Inizia (male) la grande offensiva

L’Inghilterra sarà la testa di ponte dell’offensiva. Il comandante in capo è John Wyer, già geniale stratega dell’Aston Martin, che prende le stellette finendo preferito a Carroll Shelby, artefice del miracolo Ac Cobra. I prototipi dell’Arma Totale li realizzerà la Lola di Eric Broadley, con Len Bailey in aiuto, dando vita alla Ford Gt. La cifra “40” deriva dall’altezza in pollici della vettura misurata al parabrezza (1,02 m), il motore iniziale è un V8 4,2 litri derivato dalla serie. Si comincia alla 1000 Km del Nurburgring e alla 24 Ore di Le Mans 1964, ma la vettura è un disastro. Col cambio fragile e la spaventosa tendenza a diventare portante, la nuova Ford fa paura solo a chi la guida. Il management statunitense è furibondo, impaziente e interventista. Si decide per il cambio d’allenatore. Il nuovo trainer diventa Carroll Shelby, che cambia filosofia d’approccio e modulo di gioco: vettura riprogettata e motore potenziato intanto a 4,7 litri, in attesa di una cavalleria ancor più terrificante, più un nugolo di piloti Usa. I migliori disponibili. Per tester Bruce McLaren e, soprattutto, il quasi sconosciuto ma fantastico Ken Miles, britannico trapiantato negli Stati Uniti. Sarà lui, in centinaia di ore di test, la mente e il cuore in pista della grande rivincita.

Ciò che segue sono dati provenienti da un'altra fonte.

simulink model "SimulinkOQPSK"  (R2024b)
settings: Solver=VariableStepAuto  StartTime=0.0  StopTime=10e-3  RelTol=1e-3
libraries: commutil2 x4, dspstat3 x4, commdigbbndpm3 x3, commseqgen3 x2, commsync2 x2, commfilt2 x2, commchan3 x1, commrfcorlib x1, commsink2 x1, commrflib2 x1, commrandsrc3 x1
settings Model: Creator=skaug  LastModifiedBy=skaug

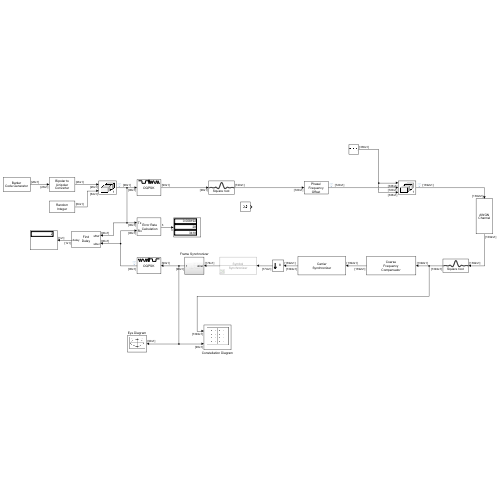
[thumbnail: Simulink's stored preview of the top-level diagram]
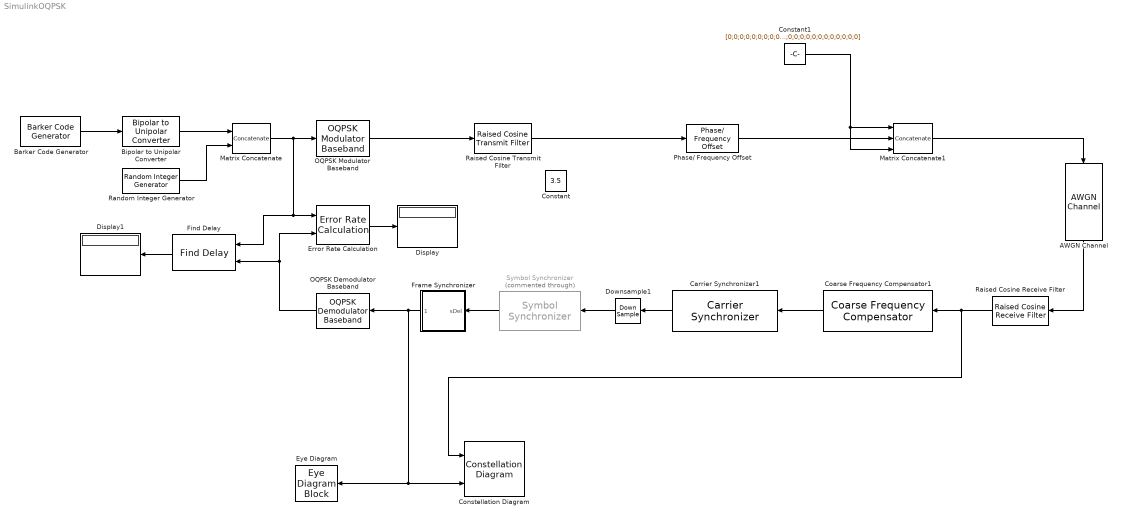
== system SimulinkOQPSK ==
  AWGN Channel : commchan3/AWGN Channel  LegacyMode=off  NoiseMethod="Signal to noise ratio  (Eb/No)"  noiseMode="Signal to noise ratio  (SNR)"  EbNo=20  EsNo=10  SNR=10  BitsPerSymbol=2  SignalPower=1  SamplesPerSymbol=8  SymbolPeriod=1  VarianceSource=Parameter  Variance=1  RandomStream=Global stream  Seed=67  SimulateUsing=Code generation
  Barker Code Generator : commseqgen3/Barker Code Generator  Length=7  LengthSimulink=13  SampleTime=-1  SamplesPerFrame=26  OutputDataType=double  SimulateUsing=Code generation
  Bipolar to Unipolar Converter : commutil2/Bipolar to Unipolar Converter  M=2  polarity=Positive  dataType=Inherit via internal rule
  Carrier Synchronizer1 : commsync2/Carrier Synchronizer  Modulation=OQPSK  ModulationPhaseOffset=Auto  CustomPhaseOffset=pi/4  SamplesPerSymbol=8  DampingFactor=0.707  NormalizedLoopBandwidth=0.01  EstimatedPhaseErrorOutputPort=off  SimulateUsing=Code generation
  Coarse Frequency Compensator1 : commrfcorlib/Coarse Frequency Compensator  Modulation=OQPSK  Algorithm=FFT-based  FrequencyResolution=100  MaximumFrequencyOffset=5e3  SamplesPerSymbol=8  EstimatedFreqOffsetPort=off  SimulateUsing=Code generation
      settings: LibrarySourceBlock=|
      | commsync2/Coarse Frequency
      | Compensator
  Constant : Constant  Value=3.5  SampleTime=1e-5
  Constant1 : Constant  Value=[0;0;0;0;0;0;0;0;0;0;0;0;0;0;0;0;0;0;0;0;0;0;0;0;0;0;0;0;0;0;0;0;0;0;0;0;0;0;0;0;0;0;0;0;0;0;0;0;0;0;0;0;0;0;0;0;0;0;0;0;0;0;0;0;0;0;0;0;0;0;0;0;0;0;0;0;0;0;0;0;0;0;0;0;0;0;0;0;0;0;0;0;0;0;0;0;0;0;0;0;0;0;0;0;0;0;0;0;0;0;0;0;0;0;0;0;0;0;0;0;0;0;0;0;0;0;0;0;0;0;0;0;0;0;0;0;0;0;0;0;0;0;0;0;0;0;0;0;0;0;0;0;0;0;0;0;0;0;0;0;0;0;0;0;0;0;0;0;0;0;0;0;0;0;0;0;0;0;0;0;0;0;0;0;0;0;0;0;0;0;0;0;0;0;0;0;0;0;0;0;0;0;0;0;0;0;0;0;0;0;0;0;0;0;0;0;0;0;0;0;0;0;0;0;0;0;0;0;0;0;0;0;0;0;0;0;0;0;0;0;0;0;0;0;0;0;0;0;0;0;0;0;0;0;0;0;0;0;0;0;0;0;0;0;0;0;0;0;0;0;0;0;0;0;0;0;0;0;0;0;0;0;0;0;0;0;0;0;0;0;0;0;0;0;0;0;0;0;0;0;0;0;0;0;0;0;0;0;0;0;0;0;0;0;0;0;0;0;0;0;0;0;0;0;0;0;0;0;0;0;0;0;0;0;0;0]  VectorParams1D=off  SampleTime=-1
  Constellation Diagram : ConstellationDiagram  NumInputPorts=2  WindowPosition=[306.000000,28.000000,801.000000,649.000000,]  ScopeFrameLocation=window  ReferenceConstellation="{[0.7071+0.7071i          -0.7071+0.7071i          -0.7071-0.7071i            0.707-0.7071i][0.7071+0.7071i          -0.7071+0.7071i          -0.7071-0.7071i            0.707-0.7071i]}"  ShowLegend=on
  Display : Display
  Display1 : Display
  Downsample1 : DownSample  N=8
  Error Rate Calculation : commsink2/Error Rate Calculation  N=2  st_delay=0  cp_mode=Entire frame  subframe=[]  PMode=Port  WsName=ErrorVec  RsMode2=off  stop=off  numErr=100  maxBits=1e6
  Eye Diagram : EyeDiagramBlock  WindowPosition=[70.000000,61.000000,1059.000000,721.000000,]  ScopeFrameLocation=window  SamplesPerSymbol=2  YLimits=[-1.1356977182574655,1.1330347719701188]  ColorFading=on
  Find Delay : commutil2/Find Delay  corrLength=200  chgSigOP=off  stopUpdate=off  numConstDelay=3
  Frame Synchronizer : Subsystem
  Matrix Concatenate : Concatenate  Mode=Multidimensional array
  Matrix Concatenate1 : Concatenate  NumInputs=3  Mode=Multidimensional array
  OQPSK Demodulator Baseband : commdigbbndpm3/OQPSK Demodulator Baseband  OutType=Bit  Ph=pi/4  Mapping=Gray  pulseShape=Half sine  num=[0.7071, 0.7071]  rolloff=0.2  filterSpan=10  sps=2  RateOptions=Enforce single-rate processing  outDtype2=double
  OQPSK Modulator Baseband : commdigbbndpm3/OQPSK Modulator Baseband  VariantControl=strcmp(pulseShape, 'Custom') && isequal(denom, 1)  InType=Bit  Mapping=Gray  Ph=pi/4  pulseShape=Half sine  num=[0.7071, 0.7071]  denom=[1]  rolloff=0.2  filterSpan=10  sps=2  RateOptions=Enforce single-rate processing  outDtype=double  isIIR=off
  Phase/ Frequency Offset : commrflib2/Phase// Frequency Offset  phaseOffset=47  freqPort=off  freqOffset=6e4
  Raised Cosine Receive Filter : commfilt2/Raised Cosine Receive Filter  filtType=Square root  R=0.35  filtSpan=4  N=8  downFactor=1  downOffset=0  filterGain=1  InputProcessing=Columns as channels (frame based)  RateOptions=Enforce single-rate processing  framing=Mute  checkCoeff=off  variableName=rcRxFilt  currentFiltSpan=10  D=5  inputOffset=0  sampMode=Mute  saveAsFlag=0  rateMode=Downsampling  checkGain=Normalized  launchFVT=on  roundingMode=Floor  overflowMode=off  coeffDataTypeStr=Inherit: Same word length as input  coeffMin=[]  coeffMax=[]  coeffLastDataTypeStr=Inherit: Same word length as input  accumDataTypeStr=Inherit: Same as product output  accumLastDataTypeStr=Inherit: Same as product output  outputDataTypeStr=Inherit: Same as accumulator  outputMin=[]  outputMax=[]  outputLastDataTypeStr=Inherit: Same as accumulator
  Raised Cosine Transmit Filter : commfilt2/Raised Cosine Transmit Filter  filtType=Square root  R=0.35  filtSpan=4  N=8  filterGain=1  InputProcessing=Columns as channels (frame based)  RateOptions=Enforce single-rate processing  framing=Mute  checkCoeff=off  variableName=rcTxFilt  checkGain=Normalized  sampMode=Mute  saveAsFlag=0  currentFiltSpan=10  D=(10)/2  launchFVT=on  roundingMode=Floor  overflowMode=off  coeffDataTypeStr=Inherit: Same word length as input  coeffMin=[]  coeffMax=[]  coeffLastDataTypeStr=Inherit: Same word length as input  outputDataTypeStr=Inherit: Same as accumulator  outputMin=[]  outputMax=[]  outputLastDataTypeStr=Inherit: Same as accumulator
  Random Integer Generator : commrandsrc3/Random Integer Generator  SetSize=2  SeedSource=Auto  Seed=0  SampleTime=-1  SamplesPerFrame=64  OutputDataType=double  SimulateUsing=Code generation
  Symbol Synchronizer : commsync2/Symbol Synchronizer  Commented=through  Modulation=OQPSK  TimingErrorDetector=Gardner (non-data-aided)  SamplesPerSymbol=8  DampingFactor=1  NormalizedLoopBandwidth=0.01  DetectorGain=2.7  TimingErrorOutputPort=off  SimulateUsing=Code generation
  wires:
  Barker Code Generator/1 -> Bipolar to Unipolar Converter/1
  OQPSK Modulator Baseband/1 -> Raised Cosine Transmit Filter/1
  Error Rate Calculation/1 -> Display/1
  OQPSK Demodulator Baseband/1 -> Error Rate Calculation/2, Find Delay/2
  Raised Cosine Receive Filter/1 -> Coarse Frequency Compensator1/1, Constellation Diagram/1
  Carrier Synchronizer1/1 -> Downsample1/1
  Coarse Frequency Compensator1/1 -> Carrier Synchronizer1/1
  Bipolar to Unipolar Converter/1 -> Matrix Concatenate/1
  Random Integer Generator/1 -> Matrix Concatenate/2
  Frame Synchronizer/1(Output) -> OQPSK Demodulator Baseband/1, Constellation Diagram/2, Eye Diagram/1
  AWGN Channel/1 -> Raised Cosine Receive Filter/1
  Phase/ Frequency Offset/1 -> Matrix Concatenate1/2
  Matrix Concatenate1/1 -> AWGN Channel/1
  Matrix Concatenate/1 -> Find Delay/1, Error Rate Calculation/1, OQPSK Modulator Baseband/1
  Constant1/1 -> Matrix Concatenate1/3, Matrix Concatenate1/1
  Find Delay/1 -> Display1/1
  Raised Cosine Transmit Filter/1 -> Phase/ Frequency Offset/1
  Downsample1/1 -> Symbol Synchronizer/1
  Symbol Synchronizer/1 -> Frame Synchronizer/1(sDel)

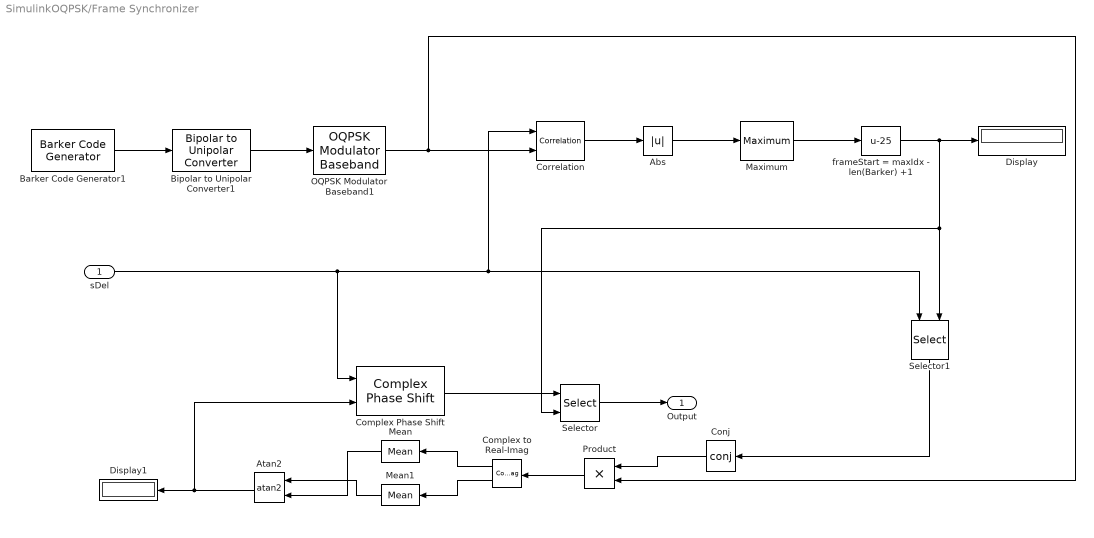
== system SimulinkOQPSK/Frame Synchronizer ==
  sDel : Inport
  Abs : Abs  SaturateOnIntegerOverflow=off
  Atan2 : Trigonometry  Operator=atan2
  Barker Code Generator1 : commseqgen3/Barker Code Generator  Length=7  LengthSimulink=13  SampleTime=-1  SamplesPerFrame=26  OutputDataType=double  SimulateUsing=Code generation
  Bipolar to Unipolar Converter1 : commutil2/Bipolar to Unipolar Converter  M=2  polarity=Positive  dataType=Inherit via internal rule
  Complex Phase Shift : commutil2/Complex Phase Shift
  Complex to Real-Imag : ComplexToRealImag
  Conj : Math  Operator=conj
  Correlation : dspstat3/Correlation  domain=Time  roundingMode=Floor  overflowMode=off  outputDataTypeStr=Inherit: Same as accumulator  outputMin=[]  outputMax=[]  outputLastDataTypeStr=Inherit: Same as accumulator
  Display : Display
  Display1 : Display
  Maximum : dspstat3/Maximum  operation=maximum  fcn=Index  indexBase=One  operateOver=Each column  Dimension=1  InputProcessing=Columns as channels (frame based)  reset=None  roiEnable=off  roiType=Rectangles  roiPortion=Entire ROI  roiOutput=Individual statistics for each ROI  roiFlag=off  roundingMode=Floor  overflowMode=off  accumDataTypeStr=Inherit: Same as product output  accumLastDataTypeStr=Inherit: Same as product output
  Mean : dspstat3/Mean  run=off  InputProcessing=Columns as channels (frame based)  reset_popup=None  directionMode=Each column  dimension=1  roiEnable=off  roiType=Rectangles  roiPortion=Entire ROI  roiOutput=Individual statistics for each ROI  roiFlag=off  roundingMode=Floor  overflowMode=off  outputDataTypeStr=Inherit: Same as accumulator  outputMin=[]  outputMax=[]  outputLastDataTypeStr=Inherit: Same as accumulator
  Mean1 : dspstat3/Mean  run=off  InputProcessing=Columns as channels (frame based)  reset_popup=None  directionMode=Each column  dimension=1  roiEnable=off  roiType=Rectangles  roiPortion=Entire ROI  roiOutput=Individual statistics for each ROI  roiFlag=off  roundingMode=Floor  overflowMode=off  outputDataTypeStr=Inherit: Same as accumulator  outputMin=[]  outputMax=[]  outputLastDataTypeStr=Inherit: Same as accumulator
  OQPSK Modulator Baseband1 : commdigbbndpm3/OQPSK Modulator Baseband  VariantControl=strcmp(pulseShape, 'Custom') && isequal(denom, 1)  InType=Bit  Mapping=Gray  Ph=pi/4  pulseShape=Half sine  num=[0.7071, 0.7071]  denom=[1]  rolloff=0.2  filterSpan=10  sps=2  RateOptions=Enforce single-rate processing  outDtype=double  isIIR=off
  Product : Product
  Selector : Selector  IndexOptions=Starting index (port)  Indices=[1 3]  OutputSizes=90
  Selector1 : Selector  IndexOptions=Starting index (port)  Indices=[1 3]  OutputSizes=26
  frameStart = maxIdx - len(Barker) +1 : Bias  Bias=-25  SaturateOnIntegerOverflow=off
  Output : Outport
  wires:
  sDel/1 -> Correlation/1, Selector1/1, Complex Phase Shift/1
  Complex to Real-Imag/2 -> Mean1/1
  Atan2/1 -> Complex Phase Shift/2, Display1/1
  OQPSK Modulator Baseband1/1 -> Product/2, Correlation/2
  Product/1 -> Complex to Real-Imag/1
  Mean/1 -> Atan2/2
  Bipolar to Unipolar Converter1/1 -> OQPSK Modulator Baseband1/1
  Barker Code Generator1/1 -> Bipolar to Unipolar Converter1/1
  Conj/1 -> Product/1
  Mean1/1 -> Atan2/1
  Complex to Real-Imag/1 -> Mean/1
  Complex Phase Shift/1 -> Selector/1
  Selector/1 -> Output/1
  Selector1/1 -> Conj/1
  Correlation/1 -> Abs/1
  Abs/1 -> Maximum/1
  frameStart = maxIdx - len(Barker) +1/1 -> Display/1, Selector/2, Selector1/2
  Maximum/1 -> frameStart = maxIdx - len(Barker) +1/1

La riscossa di Ford con Miles e Ruby e la GT40 MkII

La Gt40 “stars and stripes” trionfa a Daytona 1965 con Miles e Ruby e si prepara a un 1966 da antologia. Stavolta l’attacco lo sferra la Gt40 MkII, con motore portato a 7 litri, telaio e aerodinamica riprogettati, cambio ridisegnato e i freni nuovi: il tutto, finalmente affidabile. Miles, classe 1918, ha 48 anni e in coppia col 42enne Ruby, specialista di Indy, fa l’en-plein alla 24 Ore di Daytona e alla 12 Ore di Sebring. Sembra lui il grande favorito a Le Mans ’66, anche se in Ford guardano con fastidio quel vecchietto che vincendo a raffica si sta facendo più pubblicità della Gt40. Fatto sta che alla Sarthe per la prima volta la Ferrari è perdente e a giocarsi la corsa sono due Gt40 MkII, quella di Miles-Hulme e di McLaren-Amon, in uno stranissimo finale di gara che viene misteriosamente neutralizzato fino alla bandiera a scacchi da ordini interni in casa Ford. Morale, il sicuro trionfo Ford deflagra a livello mondiale ma il possibile successo sognato da Miles, in cerca della tripletta nelle classiche, viene per certi versi derubato: la vettura vincente sarà quella partita più indietro in griglia, perché di fatto in 24 ore ha percorso maggior distanza. Così la prima grande vittoria Ford a Le Mans tocca a McLaren e Amon, mentre Miles sussurra a mezza bocca: «Mi hanno fottuto». Poco dopo morirà in un crash durante un test privato. Intanto, preso dall’entusiasmo per aver finalmente battuto la Ferrari nella classicissima - e pure in campionato -, Henry Ford II si è lasciato scappare un minaccioso «Torneremo». E per vincere anche nel 1967 la Casa americana è costretta a uno sforzo economico immenso, sviluppando l’avveniristico prototipo J-Car, che della Gt40 non ha più nulla, e che si trasformerà nella MkIV sempre col V8 7 litri. L’anno dopo l’armada Ford, già al top a Sebring, fa il bis alla Sarthe con Gurney-Foyt.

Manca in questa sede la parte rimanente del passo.